__Problem statement__
The listing below holds a line with "#396=AXIS2_PLACEMENT_3D('',#393,#394,#395);" and a later line with "#405=ORIENTED_EDGE('',*,*,#74,.F.);". Write out those two lines and every line between them, exactly, and nothing else.

__Data shown__
|---|

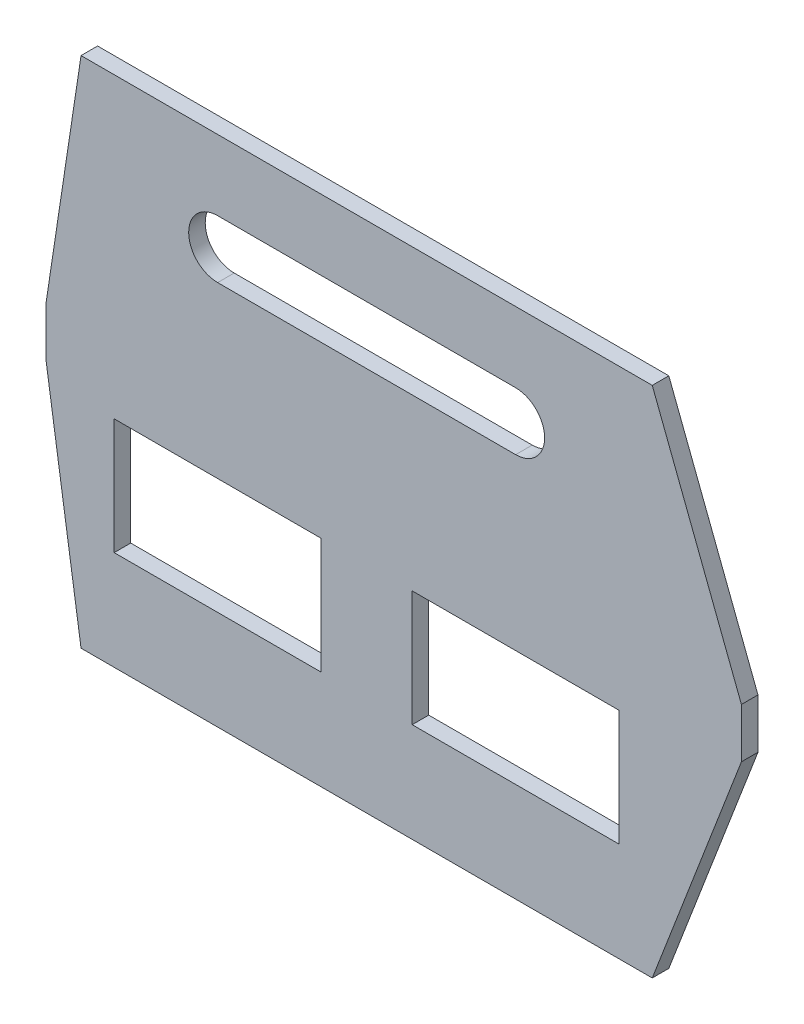
ISO-10303-21;
HEADER;
FILE_DESCRIPTION(('STEP AP214'),'2;1');
FILE_NAME('part.step','',(''),(''),'','','');
FILE_SCHEMA(('AUTOMOTIVE_DESIGN { 1 0 10303 214 1 1 1 1 }'));
ENDSEC;
DATA;
#1=APPLICATION_CONTEXT('core data for automotive mechanical design processes');
#2=APPLICATION_PROTOCOL_DEFINITION('international standard','automotive_design',2000,#1);
#3=PRODUCT_CONTEXT('',#1,'mechanical');
#4=PRODUCT('Part','Part','',(#3));
#5=PRODUCT_RELATED_PRODUCT_CATEGORY('part','',(#4));
#6=PRODUCT_DEFINITION_FORMATION('','',#4);
#7=PRODUCT_DEFINITION_CONTEXT('part definition',#1,'design');
#8=PRODUCT_DEFINITION('design','',#6,#7);
#9=PRODUCT_DEFINITION_SHAPE('','',#8);
#10=(LENGTH_UNIT() NAMED_UNIT(*) SI_UNIT(.MILLI.,.METRE.));
#11=(NAMED_UNIT(*) PLANE_ANGLE_UNIT() SI_UNIT($,.RADIAN.));
#12=(NAMED_UNIT(*) SI_UNIT($,.STERADIAN.) SOLID_ANGLE_UNIT());
#13=UNCERTAINTY_MEASURE_WITH_UNIT(LENGTH_MEASURE(1.E-05),#10,'distance_accuracy_value','');
#14=(GEOMETRIC_REPRESENTATION_CONTEXT(3) GLOBAL_UNCERTAINTY_ASSIGNED_CONTEXT((#13)) GLOBAL_UNIT_ASSIGNED_CONTEXT((#10,
#11,#12)) REPRESENTATION_CONTEXT('',''));
#15=CARTESIAN_POINT('',(0.,0.,0.));
#16=DIRECTION('',(0.,0.,1.));
#17=DIRECTION('',(1.,0.,0.));
#18=AXIS2_PLACEMENT_3D('',#15,#16,#17);
#19=CARTESIAN_POINT('',(0.,0.,10.));
#20=DIRECTION('',(0.,0.,-1.));
#21=DIRECTION('',(-1.,0.,0.));
#22=AXIS2_PLACEMENT_3D('',#19,#20,#21);
#23=PLANE('',#22);
#24=DIRECTION('',(0.,-1.,0.));
#25=VECTOR('',#24,1.);
#26=CARTESIAN_POINT('',(-325.,130.,10.));
#27=LINE('',#26,#25);
#28=CARTESIAN_POINT('',(-325.,130.,10.));
#29=VERTEX_POINT('',#28);
#30=CARTESIAN_POINT('',(-325.,60.,10.));
#31=VERTEX_POINT('',#30);
#32=EDGE_CURVE('E229',#29,#31,#27,.T.);
#33=ORIENTED_EDGE('',*,*,#32,.F.);
#34=DIRECTION('',(-1.,0.,0.));
#35=VECTOR('',#34,1.);
#36=CARTESIAN_POINT('',(-325.,130.,10.));
#37=LINE('',#36,#35);
#38=CARTESIAN_POINT('',(-200.,130.,10.));
#39=VERTEX_POINT('',#38);
#40=EDGE_CURVE('E240',#39,#29,#37,.T.);
#41=ORIENTED_EDGE('',*,*,#40,.F.);
#42=DIRECTION('',(0.,1.,0.));
#43=VECTOR('',#42,1.);
#44=CARTESIAN_POINT('',(-200.,130.,10.));
#45=LINE('',#44,#43);
#46=CARTESIAN_POINT('',(-200.,60.,10.));
#47=VERTEX_POINT('',#46);
#48=EDGE_CURVE('E236',#47,#39,#45,.T.);
#49=ORIENTED_EDGE('',*,*,#48,.F.);
#50=DIRECTION('',(1.,0.,0.));
#51=VECTOR('',#50,1.);
#52=CARTESIAN_POINT('',(-325.,60.,10.));
#53=LINE('',#52,#51);
#54=EDGE_CURVE('E232',#31,#47,#53,.T.);
#55=ORIENTED_EDGE('',*,*,#54,.F.);
#56=EDGE_LOOP('',(#33,#41,#49,#55));
#57=FACE_BOUND('',#56,.T.);
#58=DIRECTION('',(0.359010987142301,0.933333333333333,0.));
#59=VECTOR('',#58,1.);
#60=CARTESIAN_POINT('',(53.8516480713451,140.,10.));
#61=LINE('',#60,#59);
#62=CARTESIAN_POINT('',(0.,0.,10.));
#63=VERTEX_POINT('',#62);
#64=CARTESIAN_POINT('',(53.8516480713451,140.,10.));
#65=VERTEX_POINT('',#64);
#66=EDGE_CURVE('E315',#63,#65,#61,.T.);
#67=ORIENTED_EDGE('',*,*,#66,.T.);
#68=DIRECTION('',(0.,1.,0.));
#69=VECTOR('',#68,1.);
#70=CARTESIAN_POINT('',(53.8516480713451,170.,10.));
#71=LINE('',#70,#69);
#72=CARTESIAN_POINT('',(53.8516480713451,170.,10.));
#73=VERTEX_POINT('',#72);
#74=EDGE_CURVE('E319',#65,#73,#71,.T.);
#75=ORIENTED_EDGE('',*,*,#74,.T.);
#76=DIRECTION('',(-0.359010987142301,0.933333333333333,0.));
#77=VECTOR('',#76,1.);
#78=CARTESIAN_POINT('',(0.,310.,10.));
#79=LINE('',#78,#77);
#80=CARTESIAN_POINT('',(0.,310.,10.));
#81=VERTEX_POINT('',#80);
#82=EDGE_CURVE('E323',#73,#81,#79,.T.);
#83=ORIENTED_EDGE('',*,*,#82,.T.);
#84=DIRECTION('',(-1.,0.,0.));
#85=VECTOR('',#84,1.);
#86=CARTESIAN_POINT('',(-345.,310.,10.));
#87=LINE('',#86,#85);
#88=CARTESIAN_POINT('',(-345.,310.,10.));
#89=VERTEX_POINT('',#88);
#90=EDGE_CURVE('E326',#81,#89,#87,.T.);
#91=ORIENTED_EDGE('',*,*,#90,.T.);
#92=DIRECTION('',(-0.149365086770144,-0.988782114954628,0.));
#93=VECTOR('',#92,1.);
#94=CARTESIAN_POINT('',(-366.148351928655,170.,10.));
#95=LINE('',#94,#93);
#96=CARTESIAN_POINT('',(-366.148351928655,170.,10.));
#97=VERTEX_POINT('',#96);
#98=EDGE_CURVE('E329',#89,#97,#95,.T.);
#99=ORIENTED_EDGE('',*,*,#98,.T.);
#100=DIRECTION('',(0.,-1.,0.));
#101=VECTOR('',#100,1.);
#102=CARTESIAN_POINT('',(-366.148351928655,140.,10.));
#103=LINE('',#102,#101);
#104=CARTESIAN_POINT('',(-366.148351928655,140.,10.));
#105=VERTEX_POINT('',#104);
#106=EDGE_CURVE('E332',#97,#105,#103,.T.);
#107=ORIENTED_EDGE('',*,*,#106,.T.);
#108=DIRECTION('',(0.149365086770144,-0.988782114954628,0.));
#109=VECTOR('',#108,1.);
#110=CARTESIAN_POINT('',(-345.,0.,10.));
#111=LINE('',#110,#109);
#112=CARTESIAN_POINT('',(-345.,0.,10.));
#113=VERTEX_POINT('',#112);
#114=EDGE_CURVE('E335',#105,#113,#111,.T.);
#115=ORIENTED_EDGE('',*,*,#114,.T.);
#116=DIRECTION('',(1.,0.,0.));
#117=VECTOR('',#116,1.);
#118=CARTESIAN_POINT('',(0.,0.,10.));
#119=LINE('',#118,#117);
#120=EDGE_CURVE('E338',#113,#63,#119,.T.);
#121=ORIENTED_EDGE('',*,*,#120,.T.);
#122=EDGE_LOOP('',(#67,#75,#83,#91,#99,#107,#115,#121));
#123=FACE_BOUND('',#122,.T.);
#124=CARTESIAN_POINT('',(-262.5,250.,10.));
#125=DIRECTION('',(0.,0.,1.));
#126=DIRECTION('',(1.,0.,0.));
#127=AXIS2_PLACEMENT_3D('',#124,#125,#126);
#128=CIRCLE('',#127,17.5);
#129=CARTESIAN_POINT('',(-262.5,267.5,10.));
#130=VERTEX_POINT('',#129);
#131=CARTESIAN_POINT('',(-262.5,232.5,10.));
#132=VERTEX_POINT('',#131);
#133=EDGE_CURVE('E272',#130,#132,#128,.T.);
#134=ORIENTED_EDGE('',*,*,#133,.F.);
#135=DIRECTION('',(-1.,0.,0.));
#136=VECTOR('',#135,1.);
#137=CARTESIAN_POINT('',(-262.5,267.5,10.));
#138=LINE('',#137,#136);
#139=CARTESIAN_POINT('',(-82.4999999999999,267.5,10.));
#140=VERTEX_POINT('',#139);
#141=EDGE_CURVE('E283',#140,#130,#138,.T.);
#142=ORIENTED_EDGE('',*,*,#141,.F.);
#143=CARTESIAN_POINT('',(-82.4999999999999,250.,10.));
#144=DIRECTION('',(0.,0.,1.));
#145=DIRECTION('',(1.,0.,0.));
#146=AXIS2_PLACEMENT_3D('',#143,#144,#145);
#147=CIRCLE('',#146,17.5);
#148=CARTESIAN_POINT('',(-82.4999999999999,232.5,10.));
#149=VERTEX_POINT('',#148);
#150=EDGE_CURVE('E279',#149,#140,#147,.T.);
#151=ORIENTED_EDGE('',*,*,#150,.F.);
#152=DIRECTION('',(1.,0.,0.));
#153=VECTOR('',#152,1.);
#154=CARTESIAN_POINT('',(-262.5,232.5,10.));
#155=LINE('',#154,#153);
#156=EDGE_CURVE('E275',#132,#149,#155,.T.);
#157=ORIENTED_EDGE('',*,*,#156,.F.);
#158=EDGE_LOOP('',(#134,#142,#151,#157));
#159=FACE_BOUND('',#158,.T.);
#160=DIRECTION('',(0.,1.,0.));
#161=VECTOR('',#160,1.);
#162=CARTESIAN_POINT('',(-20.,130.,10.));
#163=LINE('',#162,#161);
#164=CARTESIAN_POINT('',(-20.,60.,10.));
#165=VERTEX_POINT('',#164);
#166=CARTESIAN_POINT('',(-20.,130.,10.));
#167=VERTEX_POINT('',#166);
#168=EDGE_CURVE('E181',#165,#167,#163,.T.);
#169=ORIENTED_EDGE('',*,*,#168,.F.);
#170=DIRECTION('',(1.,0.,0.));
#171=VECTOR('',#170,1.);
#172=CARTESIAN_POINT('',(-20.,60.,10.));
#173=LINE('',#172,#171);
#174=CARTESIAN_POINT('',(-145.,60.,10.));
#175=VERTEX_POINT('',#174);
#176=EDGE_CURVE('E207',#175,#165,#173,.T.);
#177=ORIENTED_EDGE('',*,*,#176,.F.);
#178=DIRECTION('',(0.,-1.,0.));
#179=VECTOR('',#178,1.);
#180=CARTESIAN_POINT('',(-145.,130.,10.));
#181=LINE('',#180,#179);
#182=CARTESIAN_POINT('',(-145.,130.,10.));
#183=VERTEX_POINT('',#182);
#184=EDGE_CURVE('E203',#183,#175,#181,.T.);
#185=ORIENTED_EDGE('',*,*,#184,.F.);
#186=DIRECTION('',(-1.,0.,0.));
#187=VECTOR('',#186,1.);
#188=CARTESIAN_POINT('',(-20.,130.,10.));
#189=LINE('',#188,#187);
#190=EDGE_CURVE('E190',#167,#183,#189,.T.);
#191=ORIENTED_EDGE('',*,*,#190,.F.);
#192=EDGE_LOOP('',(#169,#177,#185,#191));
#193=FACE_BOUND('',#192,.T.);
#194=ADVANCED_FACE('F43',(#57,#123,#159,#193),#23,.F.);
#195=CARTESIAN_POINT('',(0.,0.,0.));
#196=DIRECTION('',(0.,0.,-1.));
#197=DIRECTION('',(-1.,0.,0.));
#198=AXIS2_PLACEMENT_3D('',#195,#196,#197);
#199=PLANE('',#198);
#200=DIRECTION('',(0.359010987142301,0.933333333333333,0.));
#201=VECTOR('',#200,1.);
#202=CARTESIAN_POINT('',(53.8516480713451,140.,0.));
#203=LINE('',#202,#201);
#204=CARTESIAN_POINT('',(0.,0.,0.));
#205=VERTEX_POINT('',#204);
#206=CARTESIAN_POINT('',(53.8516480713451,140.,0.));
#207=VERTEX_POINT('',#206);
#208=EDGE_CURVE('E314',#205,#207,#203,.T.);
#209=ORIENTED_EDGE('',*,*,#208,.F.);
#210=DIRECTION('',(1.,0.,0.));
#211=VECTOR('',#210,1.);
#212=CARTESIAN_POINT('',(0.,0.,0.));
#213=LINE('',#212,#211);
#214=CARTESIAN_POINT('',(-345.,0.,0.));
#215=VERTEX_POINT('',#214);
#216=EDGE_CURVE('E320',#215,#205,#213,.T.);
#217=ORIENTED_EDGE('',*,*,#216,.F.);
#218=DIRECTION('',(0.149365086770144,-0.988782114954628,0.));
#219=VECTOR('',#218,1.);
#220=CARTESIAN_POINT('',(-345.,0.,0.));
#221=LINE('',#220,#219);
#222=CARTESIAN_POINT('',(-366.148351928655,140.,0.));
#223=VERTEX_POINT('',#222);
#224=EDGE_CURVE('E360',#223,#215,#221,.T.);
#225=ORIENTED_EDGE('',*,*,#224,.F.);
#226=DIRECTION('',(0.,-1.,0.));
#227=VECTOR('',#226,1.);
#228=CARTESIAN_POINT('',(-366.148351928655,140.,0.));
#229=LINE('',#228,#227);
#230=CARTESIAN_POINT('',(-366.148351928655,170.,0.));
#231=VERTEX_POINT('',#230);
#232=EDGE_CURVE('E357',#231,#223,#229,.T.);
#233=ORIENTED_EDGE('',*,*,#232,.F.);
#234=DIRECTION('',(-0.149365086770144,-0.988782114954628,0.));
#235=VECTOR('',#234,1.);
#236=CARTESIAN_POINT('',(-366.148351928655,170.,0.));
#237=LINE('',#236,#235);
#238=CARTESIAN_POINT('',(-345.,310.,0.));
#239=VERTEX_POINT('',#238);
#240=EDGE_CURVE('E354',#239,#231,#237,.T.);
#241=ORIENTED_EDGE('',*,*,#240,.F.);
#242=DIRECTION('',(-1.,0.,0.));
#243=VECTOR('',#242,1.);
#244=CARTESIAN_POINT('',(-345.,310.,0.));
#245=LINE('',#244,#243);
#246=CARTESIAN_POINT('',(0.,310.,0.));
#247=VERTEX_POINT('',#246);
#248=EDGE_CURVE('E351',#247,#239,#245,.T.);
#249=ORIENTED_EDGE('',*,*,#248,.F.);
#250=DIRECTION('',(-0.359010987142301,0.933333333333333,0.));
#251=VECTOR('',#250,1.);
#252=CARTESIAN_POINT('',(0.,310.,0.));
#253=LINE('',#252,#251);
#254=CARTESIAN_POINT('',(53.8516480713451,170.,0.));
#255=VERTEX_POINT('',#254);
#256=EDGE_CURVE('E348',#255,#247,#253,.T.);
#257=ORIENTED_EDGE('',*,*,#256,.F.);
#258=DIRECTION('',(0.,1.,0.));
#259=VECTOR('',#258,1.);
#260=CARTESIAN_POINT('',(53.8516480713451,170.,0.));
#261=LINE('',#260,#259);
#262=EDGE_CURVE('E345',#207,#255,#261,.T.);
#263=ORIENTED_EDGE('',*,*,#262,.F.);
#264=EDGE_LOOP('',(#209,#217,#225,#233,#241,#249,#257,#263));
#265=FACE_BOUND('',#264,.T.);
#266=DIRECTION('',(-1.,0.,0.));
#267=VECTOR('',#266,1.);
#268=CARTESIAN_POINT('',(-262.5,267.5,0.));
#269=LINE('',#268,#267);
#270=CARTESIAN_POINT('',(-82.4999999999999,267.5,0.));
#271=VERTEX_POINT('',#270);
#272=CARTESIAN_POINT('',(-262.5,267.5,0.));
#273=VERTEX_POINT('',#272);
#274=EDGE_CURVE('E276',#271,#273,#269,.T.);
#275=ORIENTED_EDGE('',*,*,#274,.T.);
#276=CARTESIAN_POINT('',(-262.5,250.,0.));
#277=DIRECTION('',(0.,0.,1.));
#278=DIRECTION('',(1.,0.,0.));
#279=AXIS2_PLACEMENT_3D('',#276,#277,#278);
#280=CIRCLE('',#279,17.5);
#281=CARTESIAN_POINT('',(-262.5,232.5,0.));
#282=VERTEX_POINT('',#281);
#283=EDGE_CURVE('E271',#273,#282,#280,.T.);
#284=ORIENTED_EDGE('',*,*,#283,.T.);
#285=DIRECTION('',(1.,0.,0.));
#286=VECTOR('',#285,1.);
#287=CARTESIAN_POINT('',(-262.5,232.5,0.));
#288=LINE('',#287,#286);
#289=CARTESIAN_POINT('',(-82.4999999999999,232.5,0.));
#290=VERTEX_POINT('',#289);
#291=EDGE_CURVE('E290',#282,#290,#288,.T.);
#292=ORIENTED_EDGE('',*,*,#291,.T.);
#293=CARTESIAN_POINT('',(-82.4999999999999,250.,0.));
#294=DIRECTION('',(0.,0.,1.));
#295=DIRECTION('',(1.,0.,0.));
#296=AXIS2_PLACEMENT_3D('',#293,#294,#295);
#297=CIRCLE('',#296,17.5);
#298=EDGE_CURVE('E294',#290,#271,#297,.T.);
#299=ORIENTED_EDGE('',*,*,#298,.T.);
#300=EDGE_LOOP('',(#275,#284,#292,#299));
#301=FACE_BOUND('',#300,.T.);
#302=DIRECTION('',(-1.,0.,0.));
#303=VECTOR('',#302,1.);
#304=CARTESIAN_POINT('',(-325.,130.,0.));
#305=LINE('',#304,#303);
#306=CARTESIAN_POINT('',(-200.,130.,0.));
#307=VERTEX_POINT('',#306);
#308=CARTESIAN_POINT('',(-325.,130.,0.));
#309=VERTEX_POINT('',#308);
#310=EDGE_CURVE('E233',#307,#309,#305,.T.);
#311=ORIENTED_EDGE('',*,*,#310,.T.);
#312=DIRECTION('',(0.,-1.,0.));
#313=VECTOR('',#312,1.);
#314=CARTESIAN_POINT('',(-325.,130.,0.));
#315=LINE('',#314,#313);
#316=CARTESIAN_POINT('',(-325.,60.,0.));
#317=VERTEX_POINT('',#316);
#318=EDGE_CURVE('E199',#309,#317,#315,.T.);
#319=ORIENTED_EDGE('',*,*,#318,.T.);
#320=DIRECTION('',(1.,0.,0.));
#321=VECTOR('',#320,1.);
#322=CARTESIAN_POINT('',(-325.,60.,0.));
#323=LINE('',#322,#321);
#324=CARTESIAN_POINT('',(-200.,60.,0.));
#325=VERTEX_POINT('',#324);
#326=EDGE_CURVE('E247',#317,#325,#323,.T.);
#327=ORIENTED_EDGE('',*,*,#326,.T.);
#328=DIRECTION('',(0.,1.,0.));
#329=VECTOR('',#328,1.);
#330=CARTESIAN_POINT('',(-200.,130.,0.));
#331=LINE('',#330,#329);
#332=EDGE_CURVE('E251',#325,#307,#331,.T.);
#333=ORIENTED_EDGE('',*,*,#332,.T.);
#334=EDGE_LOOP('',(#311,#319,#327,#333));
#335=FACE_BOUND('',#334,.T.);
#336=DIRECTION('',(1.,0.,0.));
#337=VECTOR('',#336,1.);
#338=CARTESIAN_POINT('',(-20.,60.,0.));
#339=LINE('',#338,#337);
#340=CARTESIAN_POINT('',(-145.,60.,0.));
#341=VERTEX_POINT('',#340);
#342=CARTESIAN_POINT('',(-20.,60.,0.));
#343=VERTEX_POINT('',#342);
#344=EDGE_CURVE('E191',#341,#343,#339,.T.);
#345=ORIENTED_EDGE('',*,*,#344,.T.);
#346=DIRECTION('',(0.,1.,0.));
#347=VECTOR('',#346,1.);
#348=CARTESIAN_POINT('',(-20.,130.,0.));
#349=LINE('',#348,#347);
#350=CARTESIAN_POINT('',(-20.,130.,0.));
#351=VERTEX_POINT('',#350);
#352=EDGE_CURVE('E67',#343,#351,#349,.T.);
#353=ORIENTED_EDGE('',*,*,#352,.T.);
#354=DIRECTION('',(-1.,0.,0.));
#355=VECTOR('',#354,1.);
#356=CARTESIAN_POINT('',(-20.,130.,0.));
#357=LINE('',#356,#355);
#358=CARTESIAN_POINT('',(-145.,130.,0.));
#359=VERTEX_POINT('',#358);
#360=EDGE_CURVE('E197',#351,#359,#357,.T.);
#361=ORIENTED_EDGE('',*,*,#360,.T.);
#362=DIRECTION('',(0.,-1.,0.));
#363=VECTOR('',#362,1.);
#364=CARTESIAN_POINT('',(-145.,130.,0.));
#365=LINE('',#364,#363);
#366=EDGE_CURVE('E216',#359,#341,#365,.T.);
#367=ORIENTED_EDGE('',*,*,#366,.T.);
#368=EDGE_LOOP('',(#345,#353,#361,#367));
#369=FACE_BOUND('',#368,.T.);
#370=ADVANCED_FACE('F399',(#265,#301,#335,#369),#199,.T.);
#371=CARTESIAN_POINT('',(53.8516480713451,140.,10.));
#372=DIRECTION('',(-0.933333333333333,0.359010987142301,0.));
#373=DIRECTION('',(-0.359010987142301,-0.933333333333333,0.));
#374=AXIS2_PLACEMENT_3D('',#371,#372,#373);
#375=PLANE('',#374);
#376=ORIENTED_EDGE('',*,*,#208,.T.);
#377=DIRECTION('',(0.,0.,-1.));
#378=VECTOR('',#377,1.);
#379=CARTESIAN_POINT('',(53.8516480713451,140.,10.));
#380=LINE('',#379,#378);
#381=EDGE_CURVE('E11',#65,#207,#380,.T.);
#382=ORIENTED_EDGE('',*,*,#381,.F.);
#383=ORIENTED_EDGE('',*,*,#66,.F.);
#384=DIRECTION('',(0.,0.,-1.));
#385=VECTOR('',#384,1.);
#386=CARTESIAN_POINT('',(0.,0.,10.));
#387=LINE('',#386,#385);
#388=EDGE_CURVE('E341',#63,#205,#387,.T.);
#389=ORIENTED_EDGE('',*,*,#388,.T.);
#390=EDGE_LOOP('',(#376,#382,#383,#389));
#391=FACE_BOUND('',#390,.T.);
#392=ADVANCED_FACE('F45',(#391),#375,.F.);
#393=CARTESIAN_POINT('',(53.8516480713451,170.,10.));
#394=DIRECTION('',(-1.,0.,0.));
#395=DIRECTION('',(0.,-1.,0.));
#396=AXIS2_PLACEMENT_3D('',#393,#394,#395);
#397=PLANE('',#396);
#398=ORIENTED_EDGE('',*,*,#262,.T.);
#399=DIRECTION('',(0.,0.,-1.));
#400=VECTOR('',#399,1.);
#401=CARTESIAN_POINT('',(53.8516480713451,170.,10.));
#402=LINE('',#401,#400);
#403=EDGE_CURVE('E52',#73,#255,#402,.T.);
#404=ORIENTED_EDGE('',*,*,#403,.F.);
#405=ORIENTED_EDGE('',*,*,#74,.F.);
#406=ORIENTED_EDGE('',*,*,#381,.T.);
#407=EDGE_LOOP('',(#398,#404,#405,#406));
#408=FACE_BOUND('',#407,.T.);
#409=ADVANCED_FACE('F417',(#408),#397,.F.);
#410=CARTESIAN_POINT('',(0.,310.,10.));
#411=DIRECTION('',(-0.933333333333333,-0.359010987142301,0.));
#412=DIRECTION('',(0.359010987142301,-0.933333333333333,0.));
#413=AXIS2_PLACEMENT_3D('',#410,#411,#412);
#414=PLANE('',#413);
#415=ORIENTED_EDGE('',*,*,#256,.T.);
#416=DIRECTION('',(0.,0.,-1.));
#417=VECTOR('',#416,1.);
#418=CARTESIAN_POINT('',(0.,310.,10.));
#419=LINE('',#418,#417);
#420=EDGE_CURVE('E384',#81,#247,#419,.T.);
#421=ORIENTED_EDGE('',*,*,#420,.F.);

|---|

__Solved problem__
#396=AXIS2_PLACEMENT_3D('',#393,#394,#395);
#397=PLANE('',#396);
#398=ORIENTED_EDGE('',*,*,#262,.T.);
#399=DIRECTION('',(0.,0.,-1.));
#400=VECTOR('',#399,1.);
#401=CARTESIAN_POINT('',(53.8516480713451,170.,10.));
#402=LINE('',#401,#400);
#403=EDGE_CURVE('E52',#73,#255,#402,.T.);
#404=ORIENTED_EDGE('',*,*,#403,.F.);
#405=ORIENTED_EDGE('',*,*,#74,.F.);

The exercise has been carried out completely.